ESNAAD, a wholly owned subsidiary of Adnoc, has embarked on fleet replacement because its current fleet of 25 different types of vessels is close to realising its amortisation period although it is well-maintained.
“But our concerns are sea-worthiness, safety of the people and oil installations and hence we have embarked on a seven-year plan to replace the existing fleet,” says Esnaad general manager Darwish A Al Qubaisi.
“This will entail acquiring 21 vessels at an estimated cost of nearly $200 million. It will be done in a phased manner. It could be chartered, built or purchased outright. Our aim is to renew the vessels. We are evaluating the purchases which could be either locally or overseas. The tendering is on for some of the vessels,” he says.
Esnaad currently known as Mussafah Offshore Supply Base (MOSB) is strategically located at the Industrial hub of Mussafah approximately 40 km by road from the city center of Abu Dhabi. Esnaad is not an acronym, as the Arabic name implies it means “support”.
It is a quality-focused organisation managing a strategic logistics support base providing comprehensive products and services to the oil and gas industry, while committed to the customers, employees, owners and the community
Esnaad was the result of a merger between Abu Dhabi Drilling Chemicals and Products (Addcap) and the National Marine Services Company (NMS) after an Emiri decree (No.2/2003) was issued.
Prior to the merger in 2002, the company’s marine operations division was the nucleus of the former National Marine Services Company (NMS), a company which was established under Emiri Decree issued in 1978 to own, manage, charter and broker specialised marine crafts. NMS had a proven record of having successfully provided world-class marine logistic support services to the needs of offshore oil and gas industry in the UAE and the neighboring countries over a period of 23 years. The list of clients served during the period encompasses Adma-Opco, Zadco, Bunduq, NPCC, Total-ABK, Udeco, Qatar Navigation, Saudi-Aramco, PGS, Fugro and Ocean Pakistan.

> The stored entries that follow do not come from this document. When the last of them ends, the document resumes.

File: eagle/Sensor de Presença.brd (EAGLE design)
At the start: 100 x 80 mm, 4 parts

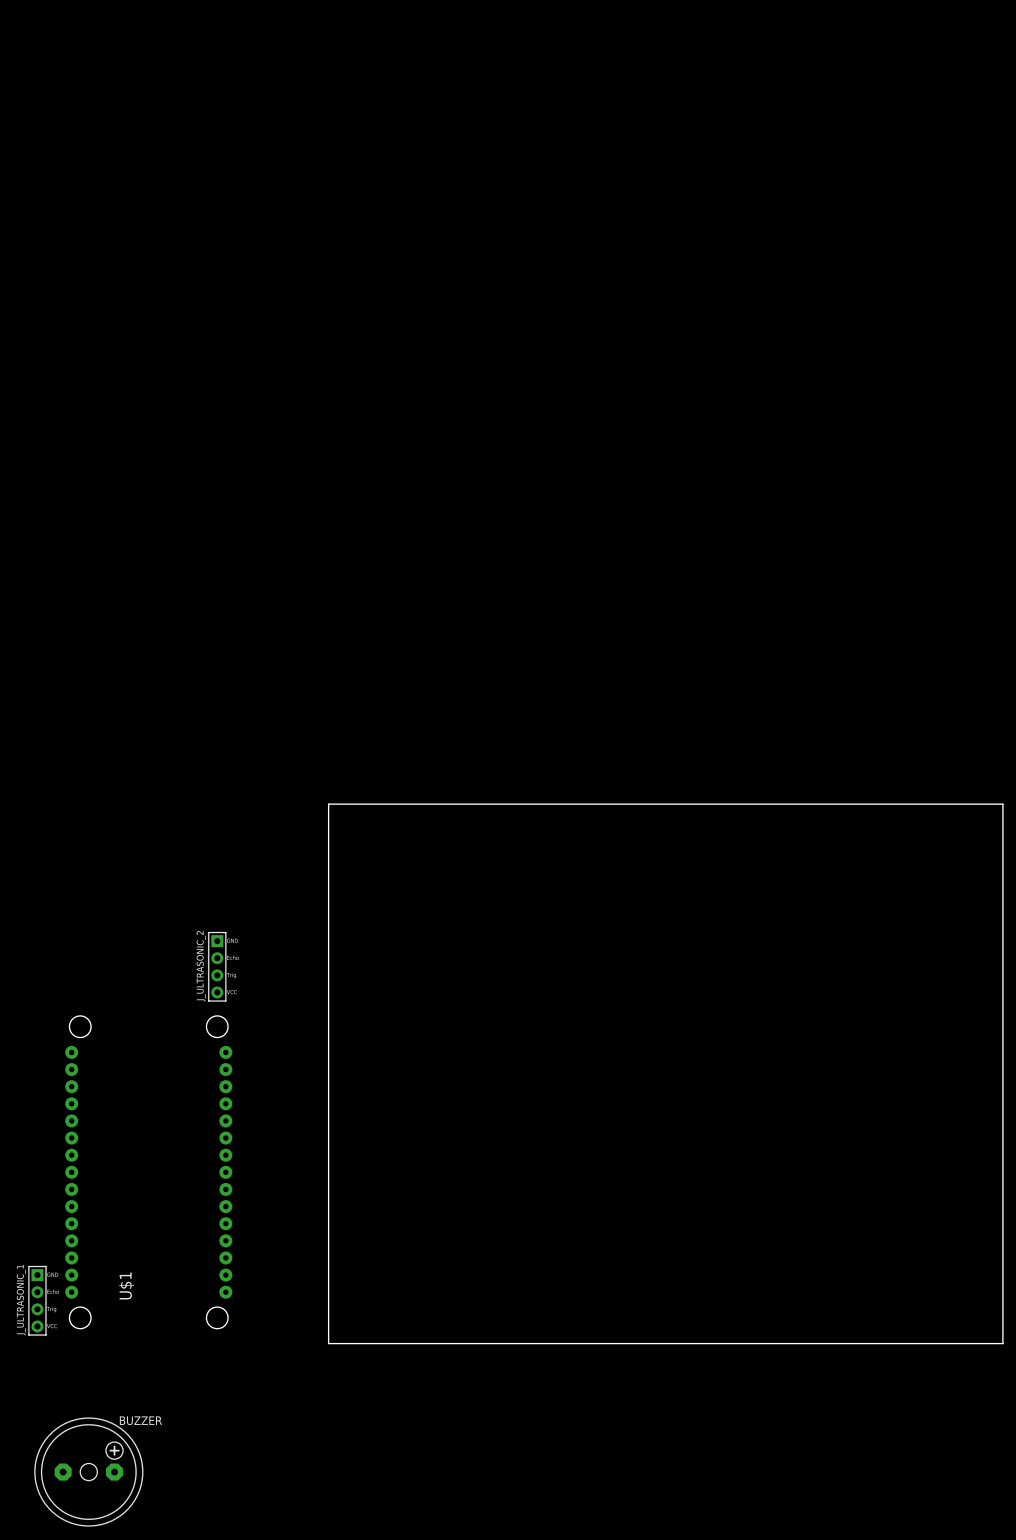
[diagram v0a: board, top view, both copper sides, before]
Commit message: updated eagle project to include 2 ultrassonic sensors and ds1307 rtc
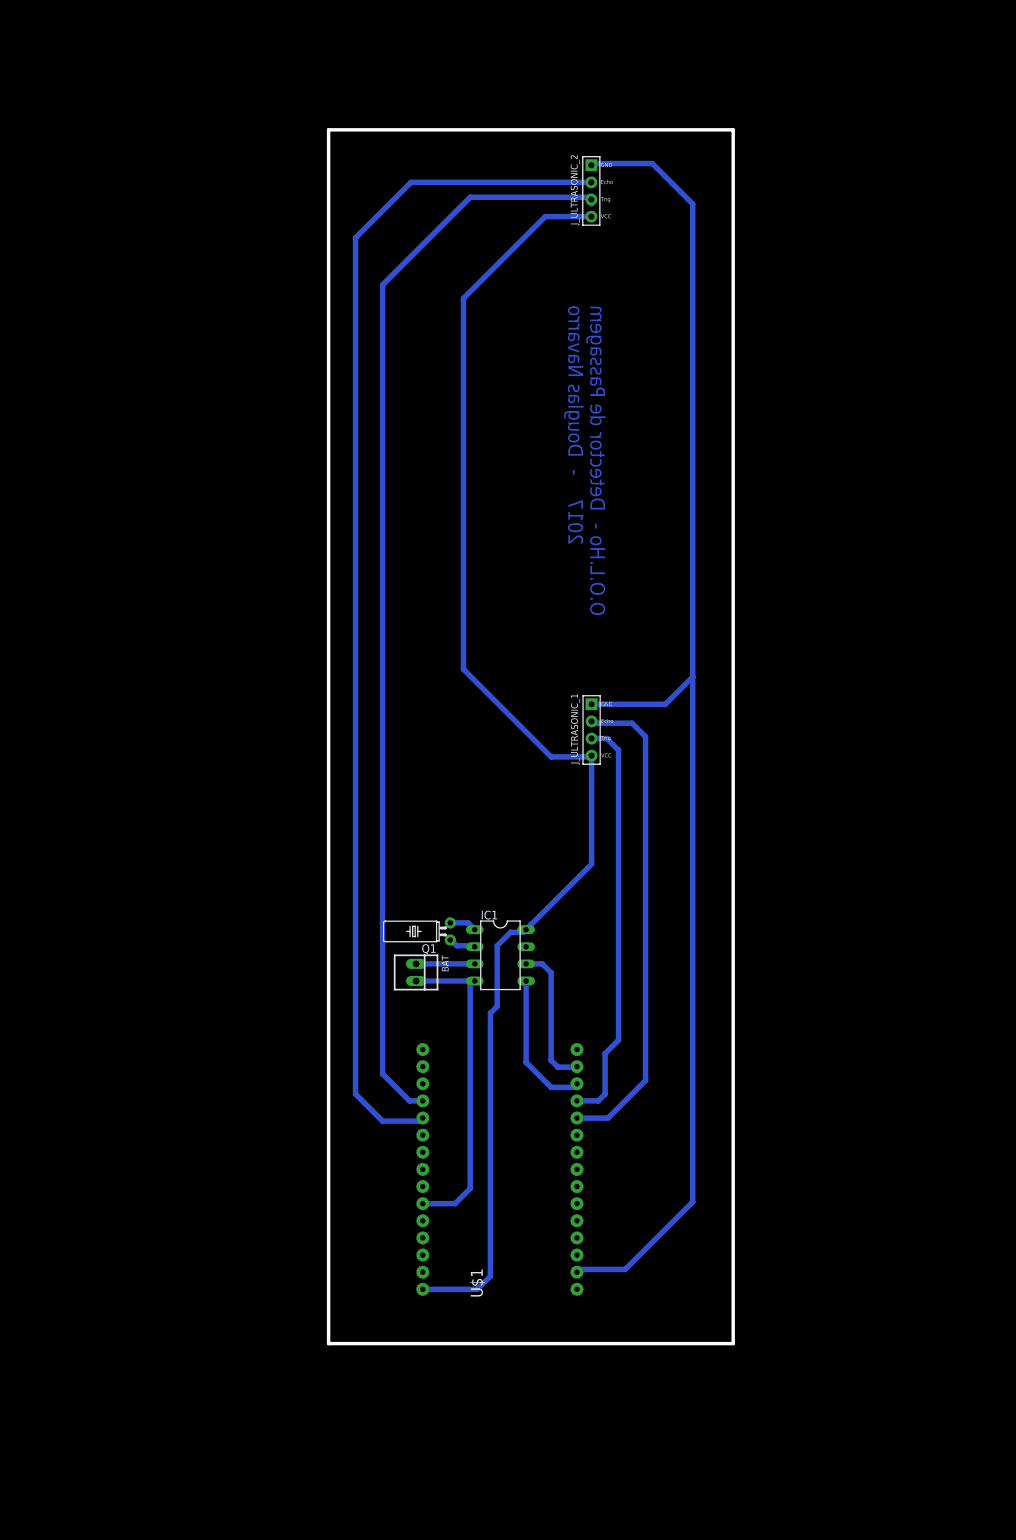
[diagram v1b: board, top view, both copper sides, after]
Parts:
- removed BUZZER: F/HMB, buzzer:F/HMB
- added BAT: 22-23-2021, con-molex:22-23-2021
- added IC1: DS1307, adafruit:DIL08
- added Q1: (no value), adafruit:TC38H
- moved J_ULTRASONIC_2 127.7 mm to (39.0, 170.9)
- moved J_ULTRASONIC_1 118.0 mm to (39.0, 91.0)
- moved U$1 52.1 mm to (25.4, 25.8)
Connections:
- removed net BUZZ_SIG: BUZZER.+
- new net N$1: IC1.1, Q1.2
- new net N$2: IC1.2, Q1.1
- new net SCL: IC1.6, U$1.D1
- new net SDA: IC1.5, U$1.D2
- new net VBAT: BAT.1, IC1.3
- net ECHO1: now also U$1.D4; no longer U$1.D2
- net ECHO2: now also U$1.SD2; no longer U$1.D5
- net GND: now also BAT.2, IC1.4, U$1.GND@0, U$1.GND@1, U$1.GND@2; no longer BUZZER.-
- net TRIG2: now also U$1.SD3; no longer U$1.D6
- net VCC: now also IC1.8
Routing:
- net GND: track 0.00 -> 253.6 mm
- net VCC: track 0.00 -> 200.0 mm
- net ECHO2: track 0.00 -> 177.2 mm
- net TRIG2: track 0.00 -> 161.8 mm
- net ECHO1: track 0.00 -> 72.4 mm
- net TRIG1: track 0.00 -> 61.1 mm
- net SCL: track 0.00 -> 21.5 mm
- net SDA: track 0.00 -> 21.4 mm
- net VBAT: track 0.00 -> 8.70 mm
- net N$1: track 0.00 -> 4.03 mm
- net N$2: track 0.00 -> 4.03 mm
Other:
- board size 100 x 80 mm -> 60 x 180 mm
- board text added: "O.O.L.Ho - Detector de Passagem 2017 - Douglas Navarro"

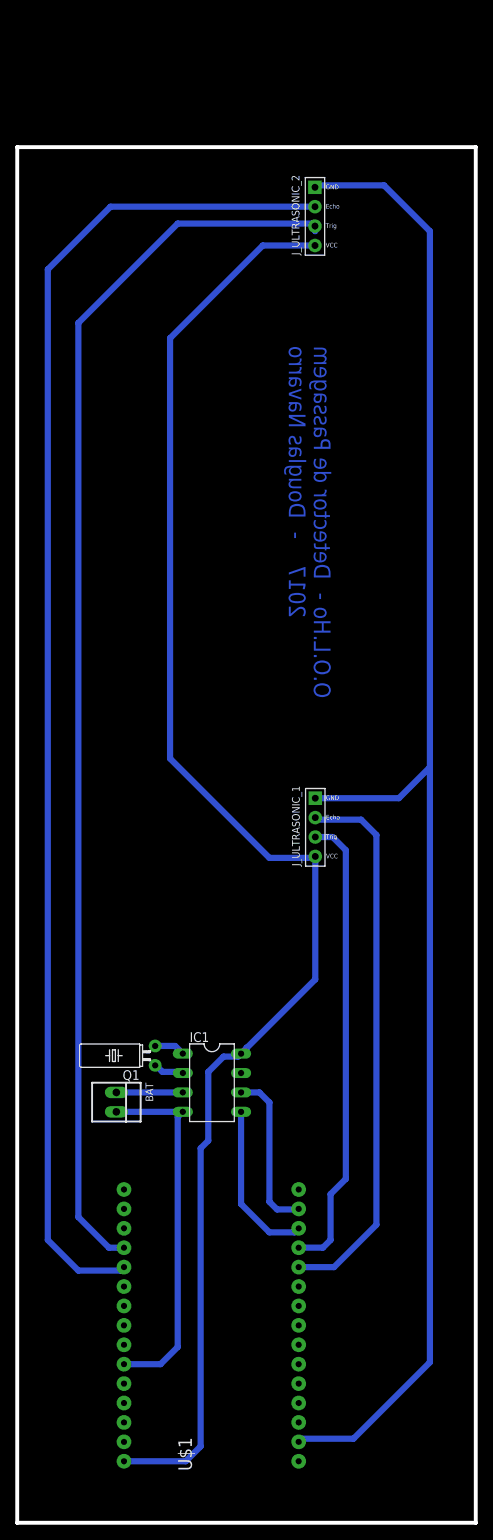
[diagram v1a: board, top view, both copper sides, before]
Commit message: added final prototype pcb layout and text
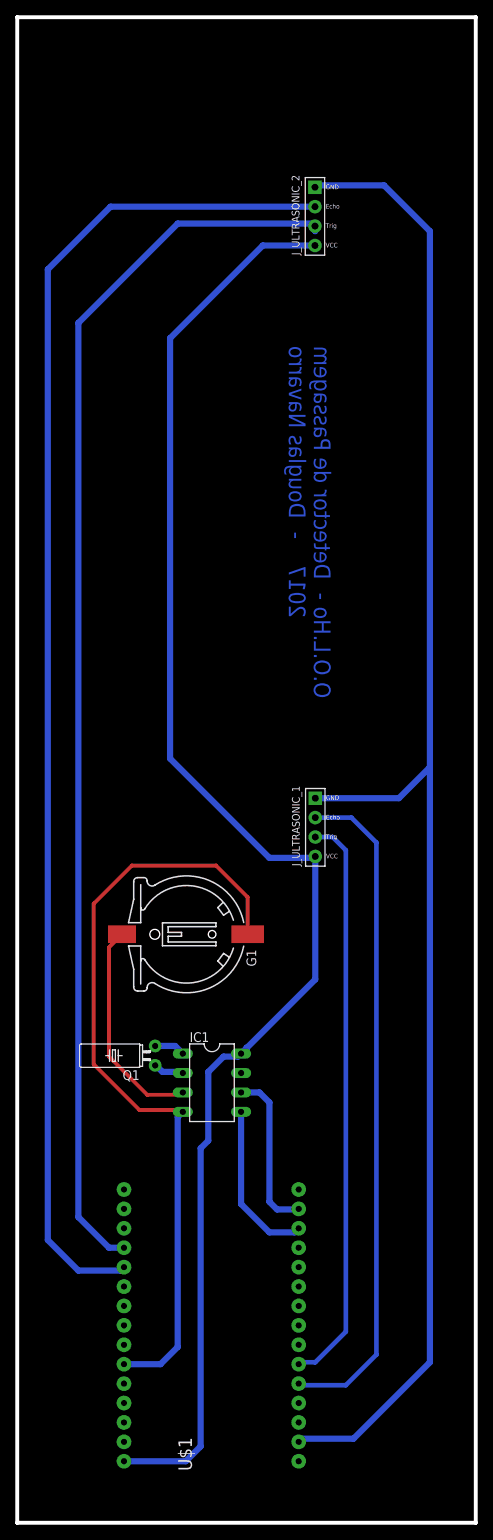
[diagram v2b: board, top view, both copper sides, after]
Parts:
- removed BAT: 22-23-2021, con-molex:22-23-2021
- added G1: CH291-1220LF, battery:CH291-1220LF
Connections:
- net ECHO1: now also U$1.D8; no longer U$1.D4
- net GND: now also G1.-; no longer BAT.2
- net TRIG1: now also U$1.D7; no longer U$1.D3
- net VBAT: now also G1.+; no longer BAT.1
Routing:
- net GND: track 253.6 -> 306.8 mm
- net VBAT: track 8.70 -> 28.6 mm
- net ECHO1: track 72.4 -> 88.3 mm
- net TRIG1: track 61.1 -> 75.6 mm
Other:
- board size 60 x 180 mm -> 60 x 197 mm
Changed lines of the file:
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@@
 <board>
 <plain>
-<wire x1="0" y1="0" x2="0" y2="180" width="0.508" layer="20"/>
+<wire x1="0" y1="0" x2="0" y2="197" width="0.508" layer="20"/>
 <wire x1="0" y1="0" x2="60" y2="0" width="0.508" layer="20"/>
-<wire x1="60" y1="180" x2="0" y2="180" width="0.508" layer="20"/>
-<wire x1="60" y1="0" x2="60" y2="180" width="0.508" layer="20"/>
+<wire x1="60" y1="0" x2="60" y2="197" width="0.508" layer="20"/>
 <text x="41" y="154" size="2.1844" layer="16" rot="MR270">O.O.L.Ho -  Detector de Passagem
     2017    -  Douglas Navarro
 </text>
+<wire x1="0" y1="197" x2="60" y2="197" width="0.508" layer="20"/>
 </plain>
 <attributes>
@@
 <element name="U$1" library="ESP12E_DEVKIT" package="ESP12E_DEVKIT" value="ESP12E_DEVKIT" x="25.4" y="25.83"/>
 <element name="IC1" library="adafruit" library_urn="urn:adsk.eagle:library:420" package="DIL08" value="DS1307" x="25.48" y="57.58" rot="R270"/>
-<element name="BAT" library="con-molex" library_urn="urn:adsk.eagle:library:165" package="22-23-2021" value="22-23-2021" x="12.97" y="55.04" rot="R270">
-<attribute name="MF" value="MOLEX" x="12.97" y="55.04" size="1.778" layer="27" rot="R270" display="off"/>
-<attribute name="MPN" value="22-23-2021" x="12.97" y="55.04" size="1.778" layer="27" rot="R270" display="off"/>
-<attribute name="OC_FARNELL" value="1462926" x="12.97" y="55.04" size="1.778" layer="27" rot="R270" display="off"/>
-<attribute name="OC_NEWARK" value="25C3832" x="12.97" y="55.04" size="1.778" layer="27" rot="R270" display="off"/>
-</element>
 <element name="Q1" library="adafruit" library_urn="urn:adsk.eagle:library:420" package="TC38H" value="" x="18.05" y="61.12" rot="R90">
 <attribute name="MF" value="" x="18.05" y="61.12" size="1.778" layer="27" rot="R90" display="off"/>
@@
 <attribute name="OC_NEWARK" value="unknown" x="18.05" y="61.12" size="1.778" layer="27" rot="R90" display="off"/>
 </element>
+<element name="G1" library="battery" library_urn="urn:adsk.eagle:library:109" package="CH291-1220LF" value="CH291-1220LF" x="16" y="77" rot="R270"/>
 </elements>
 <signals>
@@
 <contactref element="U$1" pad="GND@3"/>
 <contactref element="IC1" pad="4"/>
-<contactref element="BAT" pad="2"/>
 <contactref element="U$1" pad="GND@1"/>
 <contactref element="U$1" pad="GND@0"/>
 <contactref element="U$1" pad="GND@2"/>
-<wire x1="21.67" y1="53.77" x2="12.97" y2="53.77" width="0.8128" layer="16"/>
-<wire x1="12.23" y1="53.77" x2="12.97" y2="53.77" width="0.8128" layer="16"/>
-<wire x1="12" y1="54" x2="12.23" y2="53.77" width="0.8128" layer="16"/>
-<wire x1="12" y1="54" x2="12.74" y2="54" width="0.8128" layer="16"/>
-<wire x1="12.74" y1="54" x2="12.97" y2="53.77" width="0.8128" layer="16"/>
 <wire x1="13.97" y1="20.75" x2="18.75" y2="20.75" width="0.8128" layer="16"/>
 <wire x1="18.75" y1="20.75" x2="21" y2="23" width="0.8128" layer="16"/>
@@
 <wire x1="39" y1="94.81" x2="49.941790625" y2="94.81" width="0.8128" layer="16"/>
 <wire x1="49.941790625" y1="94.81" x2="54" y2="98.868209375" width="0.8128" layer="16"/>
+<contactref element="G1" pad="-"/>
+<wire x1="30.1458" y1="77" x2="30.1458" y2="81.8542" width="0.508" layer="1"/>
+<wire x1="30.1458" y1="81.8542" x2="26" y2="86" width="0.508" layer="1"/>
+<wire x1="26" y1="86" x2="15" y2="86" width="0.508" layer="1"/>
+<wire x1="15" y1="86" x2="10" y2="81" width="0.508" layer="1"/>
+<wire x1="10" y1="81" x2="10" y2="60" width="0.508" layer="1"/>
+<wire x1="10" y1="60" x2="16" y2="54" width="0.508" layer="1"/>
+<wire x1="16" y1="54" x2="21.44" y2="54" width="0.508" layer="1"/>
+<wire x1="21.44" y1="54" x2="21.67" y2="53.77" width="0.508" layer="1"/>
 <wire x1="21" y1="23" x2="36.83" y2="28.37" width="0" layer="19" extent="16-16"/>
 <wire x1="13.97" y1="10.59" x2="13.97" y2="20.75" width="0" layer="19" extent="1-1"/>
-<wire x1="37.24" y1="11" x2="36.83" y2="28.37" width="0" layer="19" extent="16-16"/>
+<wire x1="39" y1="94.81" x2="30.1458" y2="81.8542" width="0" layer="19" extent="1-1"/>
 </signal>
 <signal name="ECHO1">
 <contactref element="J_ULTRASONIC_1" pad="ECHO"/>
-<contactref element="U$1" pad="D4"/>
-<wire x1="39" y1="92.27" x2="39.27" y2="92" width="0.8128" layer="16"/>
-<wire x1="39.27" y1="92" x2="45" y2="92" width="0.8128" layer="16"/>
-<wire x1="45" y1="92" x2="47" y2="90" width="0.8128" layer="16"/>
-<wire x1="47" y1="90" x2="47" y2="39" width="0.8128" layer="16"/>
-<wire x1="47" y1="39" x2="41.45" y2="33.45" width="0.8128" layer="16"/>
-<wire x1="41.45" y1="33.45" x2="36.83" y2="33.45" width="0.8128" layer="16"/>
+<contactref element="U$1" pad="D8"/>
+<wire x1="39" y1="92.27" x2="43.73" y2="92.27" width="0.6096" layer="16"/>
+<wire x1="43.73" y1="92.27" x2="47" y2="89" width="0.6096" layer="16"/>
+<wire x1="47" y1="89" x2="47" y2="22" width="0.6096" layer="16"/>
+<wire x1="47" y1="22" x2="43" y2="18" width="0.6096" layer="16"/>
+<wire x1="43" y1="18" x2="37.04" y2="18" width="0.6096" layer="16"/>
+<wire x1="37.04" y1="18" x2="36.83" y2="18.21" width="0.6096" layer="16"/>
 </signal>
 <signal name="TRIG1">
 <contactref element="J_ULTRASONIC_1" pad="TRIG"/>
-<contactref element="U$1" pad="D3"/>
-<wire x1="36.83" y1="35.99" x2="36.84" y2="36" width="0.8128" layer="16"/>
-<wire x1="36.84" y1="36" x2="40" y2="36" width="0.8128" layer="16"/>
-<wire x1="40" y1="36" x2="41" y2="37" width="0.8128" layer="16"/>
-<wire x1="41" y1="37" x2="41" y2="43" width="0.8128" layer="16"/>
-<wire x1="41" y1="43" x2="43" y2="45" width="0.8128" layer="16"/>
-<wire x1="43" y1="45" x2="43" y2="88" width="0.8128" layer="16"/>
-<wire x1="43" y1="88" x2="41.27" y2="89.73" width="0.8128" layer="16"/>
-<wire x1="41.27" y1="89.73" x2="39" y2="89.73" width="0.8128" layer="16"/>
+<contactref element="U$1" pad="D7"/>
+<wire x1="39" y1="89.73" x2="41.27" y2="89.73" width="0.6096" layer="16"/>
+<wire x1="41.27" y1="89.73" x2="43" y2="88" width="0.6096" layer="16"/>
+<wire x1="43" y1="88" x2="43" y2="25" width="0.6096" layer="16"/>
+<wire x1="43" y1="25" x2="39" y2="21" width="0.6096" layer="16"/>
+<wire x1="39" y1="21" x2="37.08" y2="21" width="0.6096" layer="16"/>
+<wire x1="37.08" y1="21" x2="36.83" y2="20.75" width="0.6096" layer="16"/>
 </signal>
 <signal name="ECHO2">
@@
 <wire x1="38.63" y1="170" x2="38.96" y2="169.67" width="0.8128" layer="16"/>
 </signal>
-<signal name="VBAT">
-<contactref element="BAT" pad="1"/>
-<contactref element="IC1" pad="3"/>
-<wire x1="12.97" y1="56.31" x2="21.67" y2="56.31" width="0.8128" layer="16"/>
-</signal>
 <signal name="SCL">
 <contactref element="IC1" pad="6"/>
@@
 <wire x1="21.52" y1="59" x2="21.67" y2="58.85" width="0.8128" layer="16"/>
 </signal>
+<signal name="VBAT">
+<contactref element="IC1" pad="3"/>
+<contactref element="G1" pad="+"/>
+<wire x1="13.7045" y1="77" x2="12" y2="75.2955" width="0.508" layer="1"/>
+<wire x1="12" y1="75.2955" x2="12" y2="61" width="0.508" layer="1"/>
+<wire x1="12" y1="61" x2="17" y2="56" width="0.508" layer="1"/>
+<wire x1="17" y1="56" x2="21.36" y2="56" width="0.508" layer="1"/>
+<wire x1="21.36" y1="56" x2="21.67" y2="56.31" width="0.508" layer="1"/>
+</signal>
 </signals>

The base spreads over 148 hectares of fully developed land alongside the channel, with its state-of-the-art facilities. The company is well equipped to meet the challenge that lie ahead in supporting the oil and gas industry in the region operating in an era of modern technology.
Esnaad owns and operates a professionally logistic support base at Mussafah, Abu Dhabi, witch extends over 1.4 million sq m designed to meet the current and the future needs of target industry. The base operates 24 hours a day through the year and it provides with security round the-clock through an access control procedure and equipped with highly sophisticated fire detection and fire lighting system.
Esnaad is primarily a services company catering to the oil and gas industry and owns the strategically located Mussafah offshore supply base which extends over one million sq m to support onshore and offshore activities.
It also owns an automated grinding plant which produces mud chemicals and a blending plant to produce oil field drilling and production chemicals.
According to Qubaisi a major element of the merger was the synergy that will be created. “We are optimistic about the growth of the company through this natural merger of two companies in the same line of business. One is in marine and the other is in base and chemicals. Now we are equipped to provide a one-stop shop for varied services and total package solutions for the divergent needs of the oil and gas industry in the Gulf.”
Esnaad’s aim is to operate a modern integrated offshore supply base benchmarked for its excellence to provide comprehensive, innovative and efficient mud drilling services, material operations, marine logistics and waste disposal services as also oilfields drilling and production chemicals and other products.
To a large extent Esnaad has concentrated on providing services to all oil companies in Abu Dhabi and then companies in the UAE.
“Now we have expanded into neighbouring countries such as Qatar and Saudi Arabia and we are thinking of Iraq. We started business in Saudi Arabia about five years ago, taking contracts on and off and it is the same with Qatar,” he says.Although Iraq had oil and gas before Abu Dhabi, it is a now a virgin market with huge opportunities. For long it was a closed market but now I see it opening up its oil and gas industry.
“We would like to grab a share of the business but it depends on the political and economic factors. As a UAE-based company we see good prospects because the UAE has always taken a neutral stand,” Qubaisi continues.He says Esnaad faces strong competition in business. “We are a commercially-oriented, profit=making company. There are a lot of local and international companies in this business. But we compete with them,” he adds.